I have heard about 11 cm


----------



## littlefrog (Jan 10, 2007)

My guess based on the bud near it and the inflorescence would be 8-9cm. Which is quite nice considering the shape of the flower. It could be bigger, though. 

As to greenhouse etiquette. If you were in in my greenhouse fondling my flowers, I'd whack you in the head.  Or at a minimum bark really loud... So, you were correct in not wanting to touch it. I think that is more a function of me not knowing your skill and coordination level. Clumsy customers have broken or bruised a lot of my nicest flowers. If I knew someone was an accomplished grower or orchid judge, I suppose I would be not be as concerned, but I still think it would be nice to ask before touching. 

It is equally nice to ask before photographing. I'm not a big time breeder, but there are a few plants in my collection I wouldn't want pictures of floating around. Why? Well, if they are really nice I want copyright control over them, and wouldn't want my plant used to sell somebody elses. So I might veto for that reason. Or, a plant might not be up to my standards and I wouldn't want that image associated with my name. Or any number of reasons.

Oh, and no smoking... :evil:


----------



## NYEric (Jan 10, 2007)

Yeah, no smoking except in bed!:evil:


----------



## SlipperFan (Jan 10, 2007)

That is a beautiful besseae.

I concur with what Rob said about visiting in greenhouses, open to the public or not.


----------



## NYEric (Jan 11, 2007)

Besides Ratcliffe [Fla.], Fox Valley [and you know Tom K. is never there], and H.P. Norton's I've never been to a greenhouse. All the vendors were actually quite nice about letting me pick through the plants. I haven't had as much fun as going through the plants w/ H.P. in quite a while. :rollhappy:


----------



## littlefrog (Jan 11, 2007)

I'd let you pick through my plants too... Like I said, if you look like you know what you are doing, and aren't pawing through things like an elephant at a salt-lick, I'm pretty cool. Just ask first. *grin*


----------



## Rick Barry (Jan 11, 2007)

Admittedly, a poor photo, but it illustrates the challenges inherent in selecting the best for further breeding. Selecting from the remainder those to be sold as 'select' is an even more daunting task. At the time of this visit only the studs had been culled, so the real work of grading the remainder had yet to be accomplished. 

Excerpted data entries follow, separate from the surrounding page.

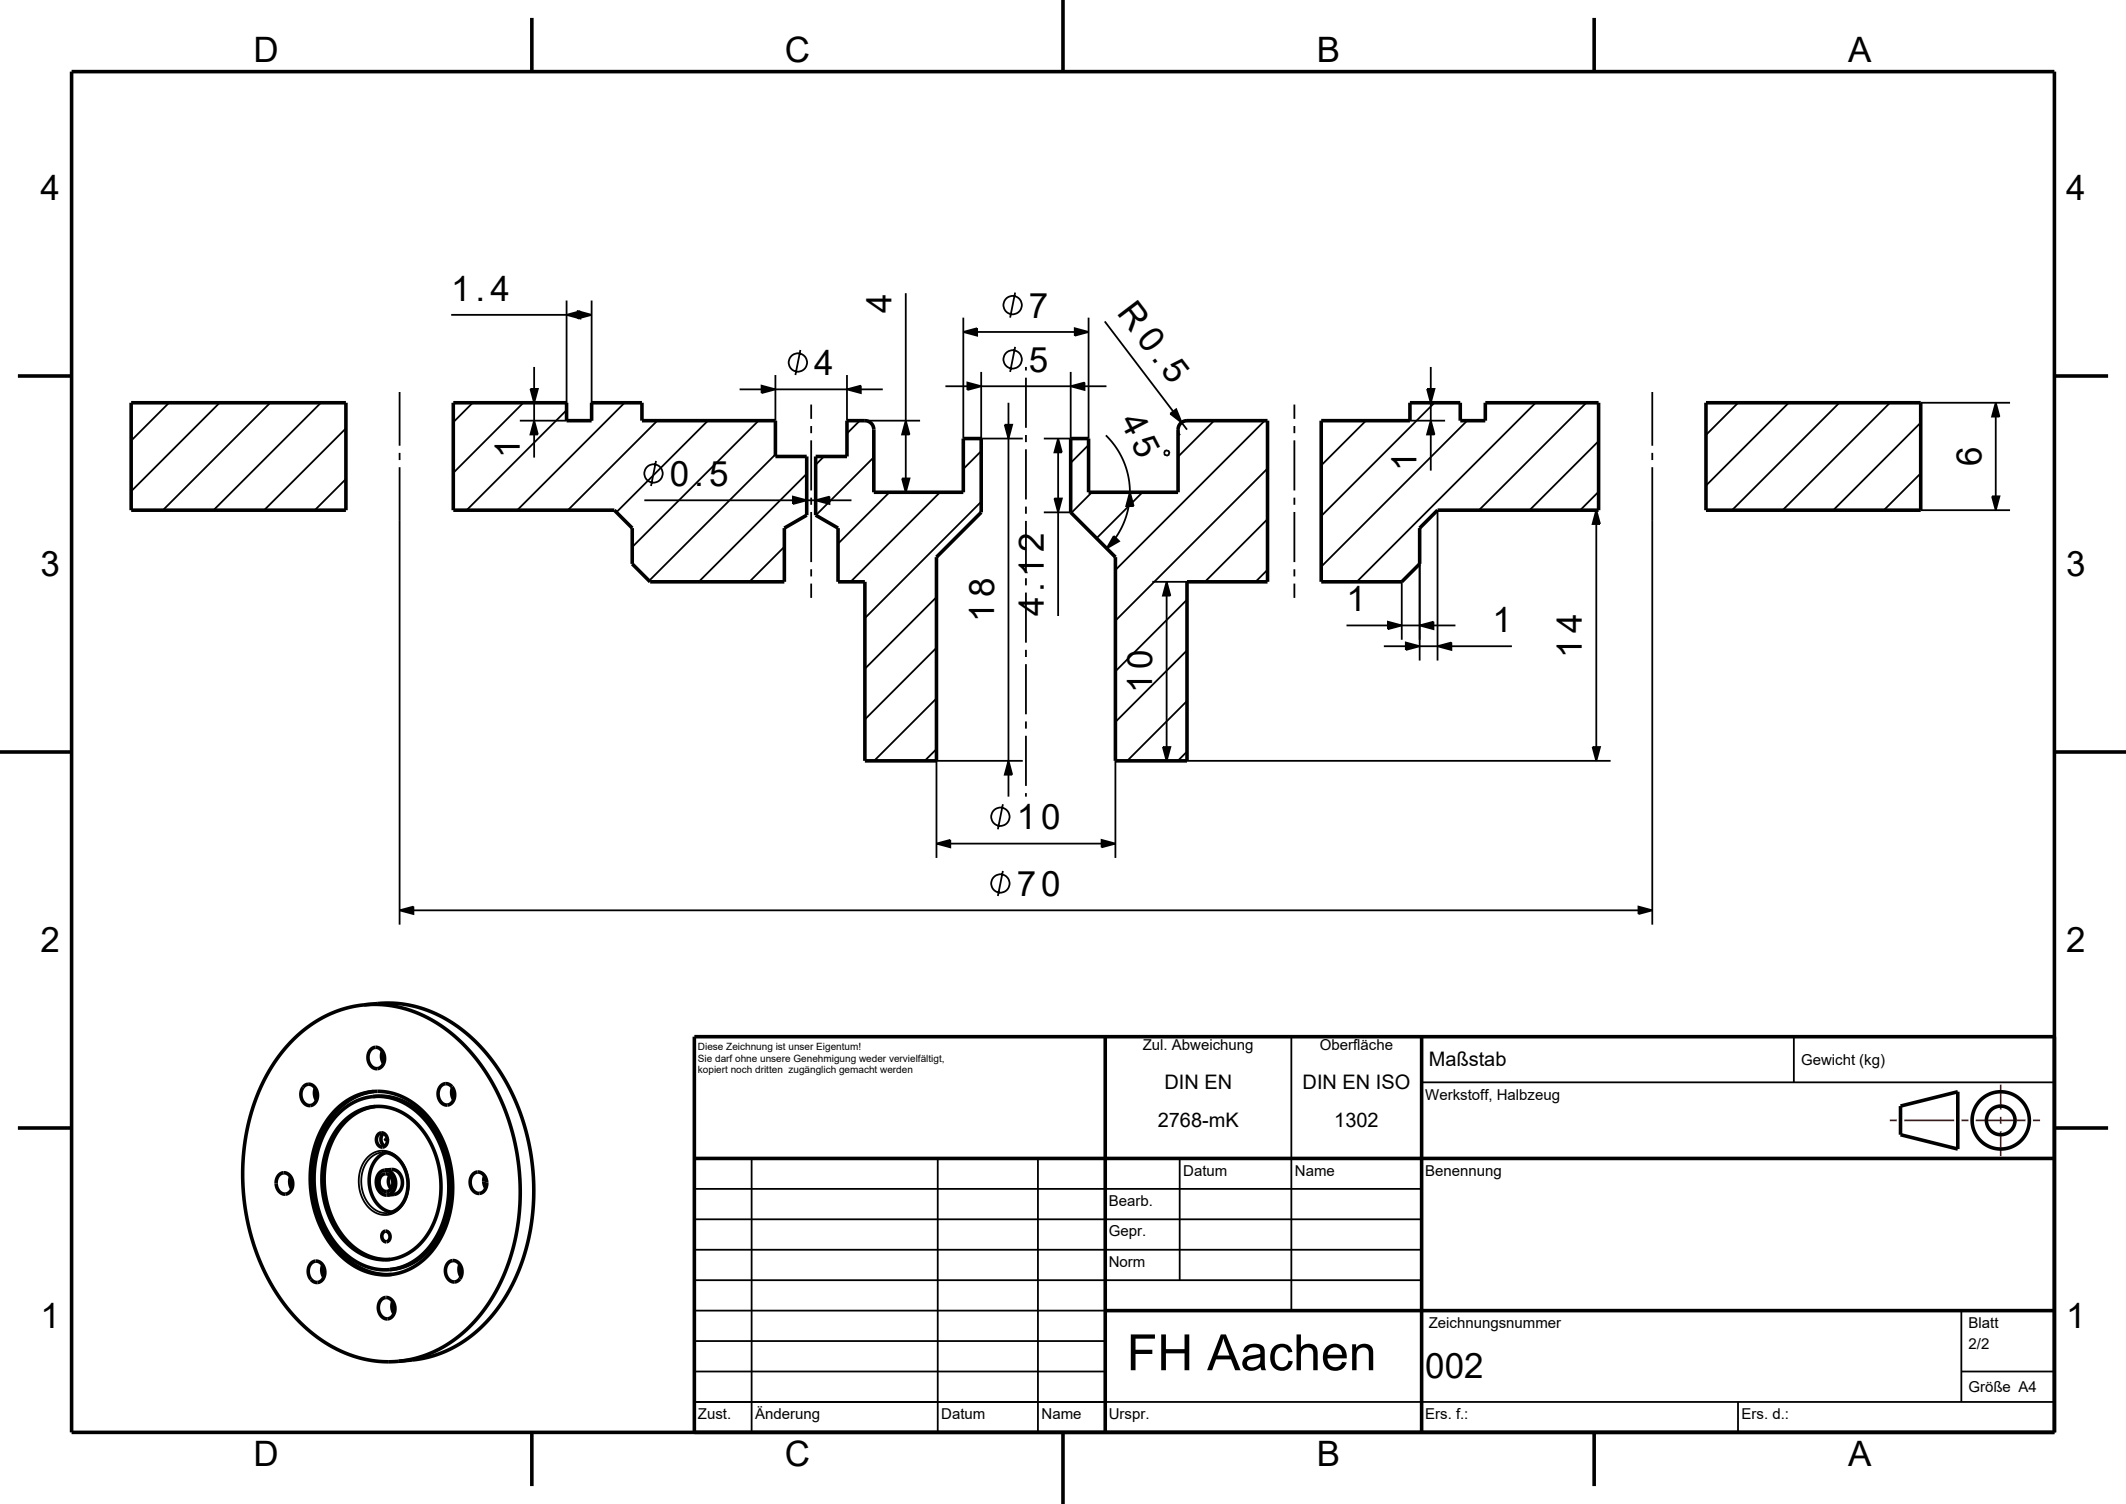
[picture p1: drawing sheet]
<svg xmlns="http://www.w3.org/2000/svg" width="297mm" height="210mm" viewBox="0 0 297 210" stroke-linecap="round" stroke-linejoin="round" font-family="sans-serif">
<g fill="none" stroke="#000" stroke-width=".25">
<path d="M23.6 56.2l-5.3 5.3M30.7 56.2l-12.4 12.4M37.8 56.2l-15 15M44.8 56.2l-15 15M48.3 59.8l-11.4 11.4M55.8 54.7v7.5M63 44h16.1M66 56.2l-2.7 2.8M72.6 56.2h6.5M73.1 56.2l-9.8 9.8M74.1 54.3h1l-.5 1.9zM74.6 58.7l.5 2h-1z"/>
<path d="M74.6 51.2v3.1M74.6 56.2v2.5M79.1 44l2-.6v1.1zM79.1 57.3l-13.9 13.9M79.1 42v16.7h-6.5M80.7 43.4l1.9 .6-1.9 .5zM82.6 42v16.7M87.3 56.2l-15 15M91.8 58.7l-12.5 12.5M98.9 58.7l-12.8 12.8M103.3 54.4h3.1M106 58.7l-17.7 17.7"/>
<path d="M106.4 53.8l1.9 .6-1.9 .5zM108.3 52.4v6.3M108.3 54.4h10M111.8 48.9l-.7 3.5M113.3 56.5v2M113.3 59.5v1M118.3 54.4l2-.6v1.1zM118.3 52.4v6.3M120.1 58.7l-1.8 1.8M120.3 54.4h3M120.8 58.7h7.7M126.5 58.7l.6 2h-1.1z"/>
<path d="M126.5 40.9v17.8M132.1 53.9h3M134.6 46.4l1.9-.6v1.1zM134.6 44.4v16.8M135.1 53.4l2 .5-2 .6zM136.5 46.4h13.6M137.1 51.9v9.3h5.8M137.1 53.9h12.5M140.4 59.3h1l-.5 1.9zM140.9 56.2v3.1M141.8 48.4l-.7 3.5M141.8 40.9l-.7 3.5"/>
<path d="M143.3 51.2v.5M143.3 52.7v7M149.6 53.9l1.9-.5v1.1zM149.6 51.9v9.3h-3.8M150.1 45.8l2 .6-2 .5zM151.5 53.9h3.1M152.1 44.4v16.8M154.3 44.9l9.6 12.6M163.5 57.8l.8-.7 .8 1.9zM165.1 59l.7 1M165.8 58.7a1.25 1.25 0 0 0-1.1 .7 1.25 1.25 0 0 0 .1 1.4M169.6 58.7l-5 5.1"/>
<path d="M176.7 58.7l-20.9 20.9M180.8 56.5v2M180.8 59.5v1M190.8 58.7l-6.2 6.3M197 58.7h4.9M197 56.2h4.9M199.4 54.3h1l-.5 1.9zM199.9 58.7l.5 2h-1zM199.9 51.2v3.1M199.9 56.2v2.5M200.4 56.2l-15.8 15.9M205 58.7l-20.4 20.4"/>
<path d="M214.5 56.2l-25 25M221.6 56.2l-15 15M230.8 54.7v7.5M242.8 56.2l-4.5 4.5M249.9 56.2l-11.6 11.6M257 56.2l-15 15M264 56.2l-15 15M268.3 59l-12.2 12.2M268.3 56.2h12.5M278.8 56.2l.5 2h-1zM278.8 58.2v11.1M48.3 66.9l-4.3 4.3"/>
<path d="M55.8 63.2v1M55.8 65.2v63.9M74.6 60.7v3.2M90 69.9h20.8M91.6 64.4l-.7 3.5M108.3 63.5l-17.6 17.6M109.6 76.3l-4.9 4.9M110.8 69.3l1.9 .6-1.9 .5zM112.7 66.1l-15.1 15.1M112.7 69.9h1.2M113.3 61.5v7M113.3 69.5v1"/>
<path d="M113.3 71.5v7M113.3 79.5v1M113.9 69.9l2-.6v1.1zM115.1 63.7l-1.2 1.2M115.9 69.9h3M122.1 63.8l-8.1 8.1M124.3 68.7l-7.2 7.2M126 66.8h1.1l-.6 1.9zM126.5 60.7v6.1M131.3 68.7l-12.5 12.5M137.1 70.1l-16.3 16.2M137.1 63l-2.5 2.5"/>
<path d="M140.9 61.2v45M143.3 60.7v1M143.3 62.7v7M143.3 70.7v1M143.3 72.7v7M145.8 71.5h3.8M147.3 69.6h1l-.5 1.9zM147.8 61.2l.5 2h-1zM147.8 63.2v6.4M147.8 71.5v14.5M152.1 62.1l-2.5 2.5M152.5 68.7l-2.8 2.9"/>
<path d="M154.5 60.8a11.1 11.1 0 0 1 3.3 7.9M155.6 74.8l.7 .8-1.7 1zM157.7 70.7a11.1 11.1 0 0 1-1.8 4.4M157.8 68.7l.6 2h-1.1zM159.6 68.7l-6.4 6.5M162.7 63l.2-.1 .4 .1 .1 .2-.1 .3-.2 .1-.4-.1-.1-.2zM177.1 79.6l-1.7 1.6M177.1 72.5l-8.8 8.7M177.1 65.4l-21.3 21.3M180.8 61.5v7M180.8 69.5v1M180.8 71.5v7"/>
<path d="M180.8 79.5v1M198.3 73.7v18.5M199.9 60.7v5M200.8 71.2v21M223 71.2l.5 2h-1zM223 73.2v31.1M223.3 68.7l-2.5 2.5M223.3 61.6l-9.6 9.6M230.8 63.2v1M230.8 65.2v63.9M268.3 66.1l-5.1 5.1M268.3 71.2h12.5"/>
<path d="M278.3 69.3h1l-.5 1.9zM113.3 81.5v2M130.8 90.5l-10 10M130.8 83.4l-10 10M130.8 97.5l-8.7 8.7M143.3 80.7v1M143.3 82.7v7M143.3 90.7v1M143.3 92.7v7M161 81.2h4.8M163 81.2l.5 2h-1zM163 83.2v21.1"/>
<path d="M165.8 97.9l-8.3 8.3M165.8 90.8l-10 10M165.8 83.7l-10 10M180.8 81.5v2M188.1 87.3h5.8M193.3 90.2h3.1M193.9 86.8l1.9 .5-1.9 .5zM195.8 81.2v8.1M195.8 87.3h2.5M196.4 89.7l1.9 .5-1.9 .6zM198.3 87.3l2-.5v1zM198.3 90.2h2.5"/>
<path d="M200.3 87.3h3M200.8 90.2l2-.5v1.1zM202.8 90.2h8.4M130.8 117.8l2-.5v1zM130.8 104.6l-1.6 1.6M132.8 117.8h21.1M140.1 112.3l-.7 3.5M140.9 106.2l.5 2h-1zM140.9 108.2v3M142.9 106.2h-12.1v13.6M143.3 100.7v1M143.3 102.7v7"/>
<path d="M143.3 110.7v.5M153.9 117.3l1.9 .5-1.9 .5zM155.8 106.2v13.6M162.5 104.3h1l-.5 1.9zM165.8 104.9l-1.3 1.3M165.8 106.2h59.2M222.5 104.3h1l-.5 1.9zM55.8 127.1l2-.5v1zM57.8 127.1h171.1M140.1 121.6l-.7 3.5M228.9 126.6l1.9 .5-1.9 .5zM180.4 144.8v38.2"/>
<path d="M198.6 151.1h88.4M250.6 144.8v6.3M51.4 161.6a3 3 0 0 1 4.7 .6 5.2 5.2 0 0 1-.7 6.9 3 3 0 0 1-4.4-1.1 5.4 5.4 0 0 1 .4-6.4zM53.3 160.9a3.7 3.7 0 0 0-2.8 3.9 4.3 4.3 0 0 0 3 4.6h.7M97 178.8h101.6M97 174.5h101.6M97 170.3h101.6M97 166h101.6M105 161.8v38.2M131 161.8v38.2M145 161.8v38.2M164.8 161.8v17"/>
<path d="M97 195.8h190M97 191.5h57.4M97 187.3h57.4M97 183h57.4M242.8 195.8v4.2M274 191.5h13M274 183v12.8"/>
<circle cx="111.5" cy="50.6" r="1.28"/>
<circle cx="141.5" cy="50.2" r="1.28"/>
<circle cx="141.5" cy="42.6" r="1.28"/>
<circle cx="91.3" cy="66.1" r="1.28"/>
<circle cx="139.8" cy="114" r="1.28"/>
<circle cx="139.8" cy="123.4" r="1.28"/>
</g>
<g fill="none" stroke="#000" stroke-width=".5">
<path d="M10 10h277v190h-277zM74.3 2.5v7.5M148.5 0v10M222.7 2.5v7.5M2.5 52.5h7.5M18.3 56.2h30v15h-30zM63.3 56.2h15.8v2.5h3.5v-2.5h7.1v2.5h18.6v5h4.4v8.2l-3.1 1.8v7.5h-18.8l-2.5-2.5v-5l-2.5-2.5h-22.5zM118.3 58.7h2.5a1.24 1.24 0 0 1 1.3 1.3v8.7h12.5v-7.5h2.5v10.3l-6.3 6.3v28.4h-10v-25h-3.7v-7.5l-3.2-1.8v-8.2h4.4zM184.6 58.7h12.4v-2.5h7v2.5h3.5v-2.5h15.8v15h-22.5l-2.5 2.5v5l-2.5 2.5h-11.2zM238.3 56.2h30v15h-30zM287 52.5h7.5M149.6 61.2h2.5v7.5h12.5v-8.7a1.24 1.24 0 0 1 1.2-1.3h11.3v22.5h-11.3v25h-10v-28.4l-6.2-6.3z"/>
<path d="M0 105h10M287 105h10M2.5 157.5h7.5M42.5 151.6a1.16 1.16 0 0 1 1.2 0 1.16 1.16 0 0 1 .6 1 1.25 1.25 0 0 1-1.5 1.7 1.72 1.72 0 0 1-.3-2.7zM44.1 151.9a1.87 1.87 0 0 0 .1 1.7M46.9 154.9a8.2 8.2 0 0 1 11.9 0 15.6 15.6 0 0 1 3.2 17.1 9.3 9.3 0 0 1-7.9 6 9.8 9.8 0 0 1-8.6-5.3 15.6 15.6 0 0 1 .3-16.5zM48 156.6a6.9 6.9 0 0 1 10.1 .2 12.9 12.9 0 0 1 1.2 16.2 7 7 0 0 1-11 .5 12.9 12.9 0 0 1-1-16.1zM50.9 140.3l1.7-.1 2.2 .2 1.9 .5 1.9 .7 2 1 1.6 1 1.5 1.2 1.6 1.6 1.4 1.7 1.4 1.9 1.1 2.1 1.1 2.1 .8 2.3 .7 2.4 .4 2.2 .3 2.5 .2 2.5-.1 2.2-.2 2.2-.5 2.7-.4 1.8-.9 2.5-1 2.3-.9 1.6-1.3 1.8-1.4 1.6-1.4 1.3-1.6 1.3-1.7 1-1.8 .8-1.9 .6-1.9 .3M50.9 140.3l-2.1 .4-1.5 .4-1.8 .8-1.6 .9-1.7 1.2-1.6 1.6-1.3 1.4-1.3 1.8-1 1.8-1 2.3-.8 2.2-.6 2.1-.4 2.2-.2 2.7-.1 2.5 .1 2.2 .3 2.5 .5 2.2 .7 2.4 .7 2 1 2.2 1.2 2.1 1.3 1.9 1.6 1.9 1.6 1.6 1.7 1.3 1.8 1.1 1.8 .9 1.9 .7 1.9 .4 1.8 .1h1.9M50.9 140.3l2.5-.2h1.7l1.9 .2 2.1 .6 1.9 .7 2 1.1 1.7 1.2 1.7 1.5 1.5 1.6 1.5 2 1.4 2.2 1.2 2.4 .9 2.5 .7 2.4 .5 2.4 .3 2.5 .2 2-.1 2.7-.3 3-.5 2.4-.7 2.5-.8 2.2-1.1 2-1.2 1.9-1.3 1.7-1.6 1.7-1.4 1.2-2.1 1.3-1.9 1-1.7 .5-1.7 .3-2.5 .3M51.9 146.5a1.1 1.1 0 0 1 1.7 .7 1.39 1.39 0 0 1-1.1 2 1.64 1.64 0 0 1-.6-2.7zM52.1 153.1a9.1 9.1 0 0 0-7.3 6.2 14.7 14.7 0 0 0 3.3 15.6 8.3 8.3 0 0 0 6.4 2.4"/>
<path d="M52.1 153.1a9 9 0 0 1 8.3 4.6 14.7 14.7 0 0 1-.2 16.1 8.2 8.2 0 0 1-5.7 3.5M52.1 153.1a8.9 8.9 0 0 1 8.5 4.4 14.7 14.7 0 0 1-.1 16.3 8.2 8.2 0 0 1-6 3.5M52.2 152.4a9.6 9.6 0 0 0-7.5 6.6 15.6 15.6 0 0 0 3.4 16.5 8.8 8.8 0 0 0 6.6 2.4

At this point nearly any buyer could find one to their liking from this group. This can be a challenge, as the sheer numbers indicate that one might find a real gem if willing to spend the time to thoroughly scrutinize the blooms. Your success in this respect will be proportional to the amount of time you dedicate to this task. If you do find a really exceptional flower you should expect it to be priced accordingly. 'Accordingly' may be based upon a number of factors, not the least of which may be your abidance of 'local rules' for greenhouse etiquette. It hardly matters what sort of behavior other growers may tolerate. Local Rules always apply. These rules are not always clearly defined, and may be modified at the discretion of the grower. If you are uncertain of which rules apply locally, assume the most stringent and let the grower declare otherwise.


----------



## smartie2000 (Jan 11, 2007)

beautiful! the petals look really wide and the shape is amazing!!


----------



## SlipperFan (Jan 11, 2007)

Oh my! I'm having a Phragattack!


----------



## NYEric (Jan 12, 2007)

Oh My Gawd!!!!!!!!! I Think You'd Have To Drag Me Out Of There Kicking And Screaming!!!


----------



## littlefrog (Jan 12, 2007)

I see the one I want (and it is in half profile, to boot). Not hard at all! *grin*

This is the reason that Terry's besseae line breeding is the best in the world. Who else could bloom out a few thousand?


----------